(Stored items from a collection)
━━━

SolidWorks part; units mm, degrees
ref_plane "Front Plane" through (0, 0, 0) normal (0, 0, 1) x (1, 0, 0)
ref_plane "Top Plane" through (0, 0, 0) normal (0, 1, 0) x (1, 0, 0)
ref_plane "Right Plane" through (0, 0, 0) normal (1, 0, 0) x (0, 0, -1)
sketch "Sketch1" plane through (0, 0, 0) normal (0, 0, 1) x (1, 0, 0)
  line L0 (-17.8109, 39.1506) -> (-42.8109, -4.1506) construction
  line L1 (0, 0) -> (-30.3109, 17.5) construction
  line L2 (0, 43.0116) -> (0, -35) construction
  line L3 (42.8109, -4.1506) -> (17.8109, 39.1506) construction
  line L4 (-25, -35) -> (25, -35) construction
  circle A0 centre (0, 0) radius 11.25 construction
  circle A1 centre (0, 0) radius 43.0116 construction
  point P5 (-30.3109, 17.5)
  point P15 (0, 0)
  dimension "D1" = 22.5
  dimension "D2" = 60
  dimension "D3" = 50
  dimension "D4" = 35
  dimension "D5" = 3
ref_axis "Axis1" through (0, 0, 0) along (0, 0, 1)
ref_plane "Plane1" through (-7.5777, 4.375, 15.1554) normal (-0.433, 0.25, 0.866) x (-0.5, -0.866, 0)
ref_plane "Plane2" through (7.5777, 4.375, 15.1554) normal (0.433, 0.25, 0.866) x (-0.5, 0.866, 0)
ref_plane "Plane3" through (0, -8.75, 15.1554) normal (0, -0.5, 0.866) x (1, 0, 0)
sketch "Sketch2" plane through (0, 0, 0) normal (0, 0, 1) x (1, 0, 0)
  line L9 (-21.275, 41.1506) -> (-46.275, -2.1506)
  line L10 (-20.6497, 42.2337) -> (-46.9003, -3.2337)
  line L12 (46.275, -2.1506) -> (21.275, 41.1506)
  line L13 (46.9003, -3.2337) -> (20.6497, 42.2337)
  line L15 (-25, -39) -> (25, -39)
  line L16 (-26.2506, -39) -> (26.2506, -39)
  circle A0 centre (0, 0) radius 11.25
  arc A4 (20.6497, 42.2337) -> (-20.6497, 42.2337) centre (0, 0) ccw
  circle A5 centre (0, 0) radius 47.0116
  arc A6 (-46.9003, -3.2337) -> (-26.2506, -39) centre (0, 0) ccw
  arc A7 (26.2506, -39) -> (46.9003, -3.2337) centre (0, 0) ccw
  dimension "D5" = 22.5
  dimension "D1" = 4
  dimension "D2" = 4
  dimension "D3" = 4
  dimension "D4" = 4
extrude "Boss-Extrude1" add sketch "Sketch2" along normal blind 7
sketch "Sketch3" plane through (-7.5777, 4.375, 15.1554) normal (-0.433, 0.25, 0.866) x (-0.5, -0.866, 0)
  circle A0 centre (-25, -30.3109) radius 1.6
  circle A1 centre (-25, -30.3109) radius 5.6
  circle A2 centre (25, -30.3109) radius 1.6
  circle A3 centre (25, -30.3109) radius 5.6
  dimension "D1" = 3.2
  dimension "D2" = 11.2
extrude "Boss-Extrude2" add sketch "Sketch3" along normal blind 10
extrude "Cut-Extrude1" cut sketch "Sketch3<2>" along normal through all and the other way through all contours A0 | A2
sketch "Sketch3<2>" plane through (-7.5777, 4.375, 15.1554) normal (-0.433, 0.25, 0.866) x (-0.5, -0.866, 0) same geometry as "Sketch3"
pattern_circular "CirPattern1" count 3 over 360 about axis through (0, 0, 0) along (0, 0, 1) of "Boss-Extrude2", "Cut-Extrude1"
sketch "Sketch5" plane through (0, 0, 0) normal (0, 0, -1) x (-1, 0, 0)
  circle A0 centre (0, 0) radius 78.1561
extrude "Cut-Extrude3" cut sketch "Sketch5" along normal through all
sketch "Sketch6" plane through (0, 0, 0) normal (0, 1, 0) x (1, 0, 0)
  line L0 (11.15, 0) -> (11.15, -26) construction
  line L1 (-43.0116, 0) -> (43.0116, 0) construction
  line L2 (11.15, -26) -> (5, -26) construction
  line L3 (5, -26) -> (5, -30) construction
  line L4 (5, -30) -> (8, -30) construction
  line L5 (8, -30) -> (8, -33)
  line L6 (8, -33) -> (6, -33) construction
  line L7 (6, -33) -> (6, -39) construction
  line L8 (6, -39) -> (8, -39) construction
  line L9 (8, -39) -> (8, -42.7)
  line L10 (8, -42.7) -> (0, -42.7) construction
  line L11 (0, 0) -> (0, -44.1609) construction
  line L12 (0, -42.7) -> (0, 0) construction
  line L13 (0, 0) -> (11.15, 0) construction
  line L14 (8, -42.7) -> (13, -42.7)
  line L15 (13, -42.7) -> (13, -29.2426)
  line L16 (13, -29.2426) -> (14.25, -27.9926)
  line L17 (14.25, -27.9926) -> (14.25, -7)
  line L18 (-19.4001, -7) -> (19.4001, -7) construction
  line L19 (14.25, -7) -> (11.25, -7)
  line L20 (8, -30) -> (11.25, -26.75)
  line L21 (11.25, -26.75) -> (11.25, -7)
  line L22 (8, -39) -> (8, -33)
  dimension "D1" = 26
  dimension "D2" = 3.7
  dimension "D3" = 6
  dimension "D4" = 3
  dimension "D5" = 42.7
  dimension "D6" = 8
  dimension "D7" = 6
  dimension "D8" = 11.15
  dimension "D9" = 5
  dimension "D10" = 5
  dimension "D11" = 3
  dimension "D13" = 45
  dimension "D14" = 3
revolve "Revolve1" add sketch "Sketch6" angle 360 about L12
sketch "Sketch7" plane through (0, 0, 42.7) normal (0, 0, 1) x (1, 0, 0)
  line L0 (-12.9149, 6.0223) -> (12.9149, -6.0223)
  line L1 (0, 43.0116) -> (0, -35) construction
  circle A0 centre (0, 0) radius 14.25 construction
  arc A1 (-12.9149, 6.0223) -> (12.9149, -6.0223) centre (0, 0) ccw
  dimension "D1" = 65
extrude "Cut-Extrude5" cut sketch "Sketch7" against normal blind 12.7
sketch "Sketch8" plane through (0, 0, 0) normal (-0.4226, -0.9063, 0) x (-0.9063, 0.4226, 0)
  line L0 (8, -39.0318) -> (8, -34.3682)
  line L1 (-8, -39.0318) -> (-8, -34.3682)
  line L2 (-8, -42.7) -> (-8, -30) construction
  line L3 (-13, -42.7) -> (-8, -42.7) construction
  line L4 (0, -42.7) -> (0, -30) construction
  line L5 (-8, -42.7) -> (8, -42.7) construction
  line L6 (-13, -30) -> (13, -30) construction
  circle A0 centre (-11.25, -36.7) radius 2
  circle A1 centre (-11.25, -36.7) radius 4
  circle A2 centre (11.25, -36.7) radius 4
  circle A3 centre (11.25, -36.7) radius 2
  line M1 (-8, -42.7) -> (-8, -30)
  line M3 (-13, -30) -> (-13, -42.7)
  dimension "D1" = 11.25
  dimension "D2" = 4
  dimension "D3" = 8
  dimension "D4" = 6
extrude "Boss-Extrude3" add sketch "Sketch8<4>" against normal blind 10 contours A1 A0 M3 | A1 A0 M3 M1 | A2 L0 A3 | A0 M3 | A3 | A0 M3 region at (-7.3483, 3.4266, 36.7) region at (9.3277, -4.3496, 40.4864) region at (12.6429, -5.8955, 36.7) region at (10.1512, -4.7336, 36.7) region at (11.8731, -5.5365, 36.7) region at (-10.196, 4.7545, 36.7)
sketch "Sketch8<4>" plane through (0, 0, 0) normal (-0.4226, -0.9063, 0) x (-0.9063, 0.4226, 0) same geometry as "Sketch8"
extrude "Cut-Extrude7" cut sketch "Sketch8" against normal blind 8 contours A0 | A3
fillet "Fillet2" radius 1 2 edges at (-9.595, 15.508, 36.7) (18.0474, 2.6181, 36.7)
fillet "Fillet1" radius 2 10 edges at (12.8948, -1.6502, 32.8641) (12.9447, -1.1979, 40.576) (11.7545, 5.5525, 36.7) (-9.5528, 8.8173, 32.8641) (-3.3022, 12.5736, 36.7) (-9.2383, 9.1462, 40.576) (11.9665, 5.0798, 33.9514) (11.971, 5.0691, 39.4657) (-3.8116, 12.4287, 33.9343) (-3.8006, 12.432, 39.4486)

━━━

**What you are asked to do**.
All that is wanted is the run of lines from the start of the data through the line containing "line L2 (0, 43.0116)", copied word for word.

**Response below**.
SolidWorks part; units mm, degrees
ref_plane "Front Plane" through (0, 0, 0) normal (0, 0, 1) x (1, 0, 0)
ref_plane "Top Plane" through (0, 0, 0) normal (0, 1, 0) x (1, 0, 0)
ref_plane "Right Plane" through (0, 0, 0) normal (1, 0, 0) x (0, 0, -1)
sketch "Sketch1" plane through (0, 0, 0) normal (0, 0, 1) x (1, 0, 0)
  line L0 (-17.8109, 39.1506) -> (-42.8109, -4.1506) construction
  line L1 (0, 0) -> (-30.3109, 17.5) construction
  line L2 (0, 43.0116) -> (0, -35) construction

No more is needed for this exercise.